Copy out all lines from the entries below in which "DIRECTION" occurs.

Top of Supplied records

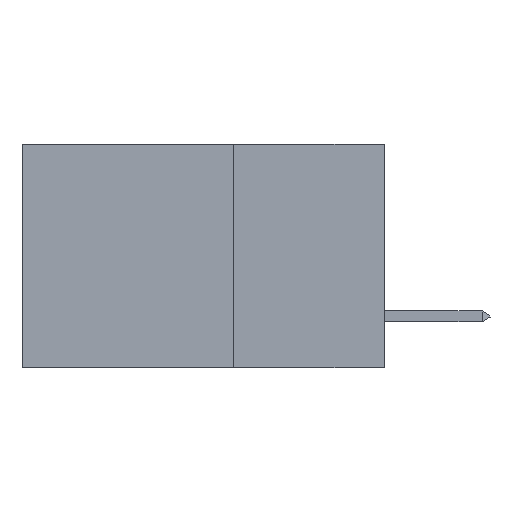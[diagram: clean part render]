
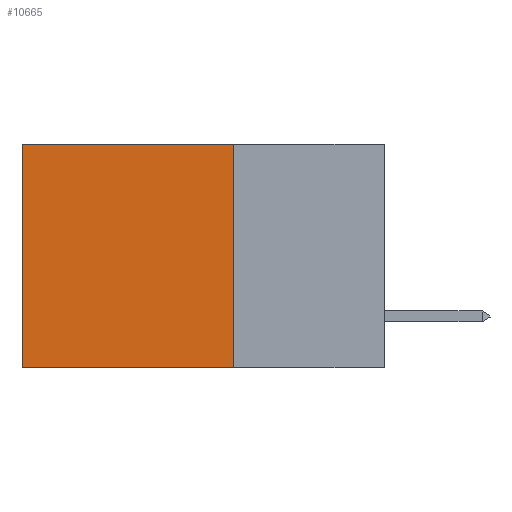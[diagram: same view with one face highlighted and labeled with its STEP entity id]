
A CAD part, left-side view. The second image highlights one B-rep face of the part: STEP entity #10665.
In plain terms, the highlighted planar face has unit normal (-1, 0, 0).
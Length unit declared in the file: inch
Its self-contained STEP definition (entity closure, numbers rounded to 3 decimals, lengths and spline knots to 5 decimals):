
#361 = ORIENTED_EDGE ( 'NONE', *, *, #31169, .T. ) ;
#712 = CARTESIAN_POINT ( 'NONE',  ( 0.2875, 0.25, 0. ) ) ;
#1980 = EDGE_CURVE ( 'NONE', #19376, #3200, #6252, .T. ) ;
#3200 = VERTEX_POINT ( 'NONE', #23186 ) ;
#4082 = DIRECTION ( 'NONE',  ( 0., 0., -1. ) ) ;
#5031 = DIRECTION ( 'NONE',  ( 0., 0., -1. ) ) ;
#6252 = LINE ( 'NONE', #6591, #18346 ) ;
#6591 = CARTESIAN_POINT ( 'NONE',  ( 0.2875, 0.25, -0.37 ) ) ;
#7410 = CARTESIAN_POINT ( 'NONE',  ( 0.2875, 0.6, 0. ) ) ;
#7973 = DIRECTION ( 'NONE',  ( 0., 1., 0. ) ) ;
#8805 = CARTESIAN_POINT ( 'NONE',  ( 0.2875, 0.25, 0. ) ) ;
#10157 = VERTEX_POINT ( 'NONE', #19777 ) ;
#10665 = ADVANCED_FACE ( 'NONE', ( #32153 ), #16423, .F. ) ;
#11506 = ORIENTED_EDGE ( 'NONE', *, *, #1980, .F. ) ;
#12156 = VECTOR ( 'NONE', #5031, 39.37008 ) ;
#16423 = PLANE ( 'NONE',  #18600 ) ;
#16636 = CARTESIAN_POINT ( 'NONE',  ( 0.2875, 0.25, -0.37 ) ) ;
#17467 = ORIENTED_EDGE ( 'NONE', *, *, #20956, .T. ) ;
#18346 = VECTOR ( 'NONE', #21656, 39.37008 ) ;
#18412 = LINE ( 'NONE', #30015, #12156 ) ;
#18426 = EDGE_LOOP ( 'NONE', ( #361, #11506, #24204, #17467 ) ) ;
#18600 = AXIS2_PLACEMENT_3D ( 'NONE', #8805, #31482, #4082 ) ;
#19061 = LINE ( 'NONE', #7410, #21757 ) ;
#19376 = VERTEX_POINT ( 'NONE', #16636 ) ;
#19507 = CARTESIAN_POINT ( 'NONE',  ( 0.2875, 0.25, 0. ) ) ;
#19777 = CARTESIAN_POINT ( 'NONE',  ( 0.2875, 0.6, 0. ) ) ;
#20254 = VECTOR ( 'NONE', #7973, 39.37008 ) ;
#20956 = EDGE_CURVE ( 'NONE', #27105, #10157, #31216, .T. ) ;
#21656 = DIRECTION ( 'NONE',  ( 0., 1., 0. ) ) ;
#21757 = VECTOR ( 'NONE', #29876, 39.37008 ) ;
#23186 = CARTESIAN_POINT ( 'NONE',  ( 0.2875, 0.6, -0.37 ) ) ;
#24204 = ORIENTED_EDGE ( 'NONE', *, *, #29056, .F. ) ;
#27105 = VERTEX_POINT ( 'NONE', #19507 ) ;
#29056 = EDGE_CURVE ( 'NONE', #27105, #19376, #18412, .T. ) ;
#29876 = DIRECTION ( 'NONE',  ( 0., 0., -1. ) ) ;
#30015 = CARTESIAN_POINT ( 'NONE',  ( 0.2875, 0.25, 0. ) ) ;
#31169 = EDGE_CURVE ( 'NONE', #10157, #3200, #19061, .T. ) ;
#31216 = LINE ( 'NONE', #712, #20254 ) ;
#31482 = DIRECTION ( 'NONE',  ( 1., 0., 0. ) ) ;
#32153 = FACE_OUTER_BOUND ( 'NONE', #18426, .T. ) ;

Bottom of Supplied records

* [Response area]:
#4082 = DIRECTION ( 'NONE',  ( 0., 0., -1. ) ) ;
#5031 = DIRECTION ( 'NONE',  ( 0., 0., -1. ) ) ;
#7973 = DIRECTION ( 'NONE',  ( 0., 1., 0. ) ) ;
#21656 = DIRECTION ( 'NONE',  ( 0., 1., 0. ) ) ;
#29876 = DIRECTION ( 'NONE',  ( 0., 0., -1. ) ) ;
#31482 = DIRECTION ( 'NONE',  ( 1., 0., 0. ) ) ;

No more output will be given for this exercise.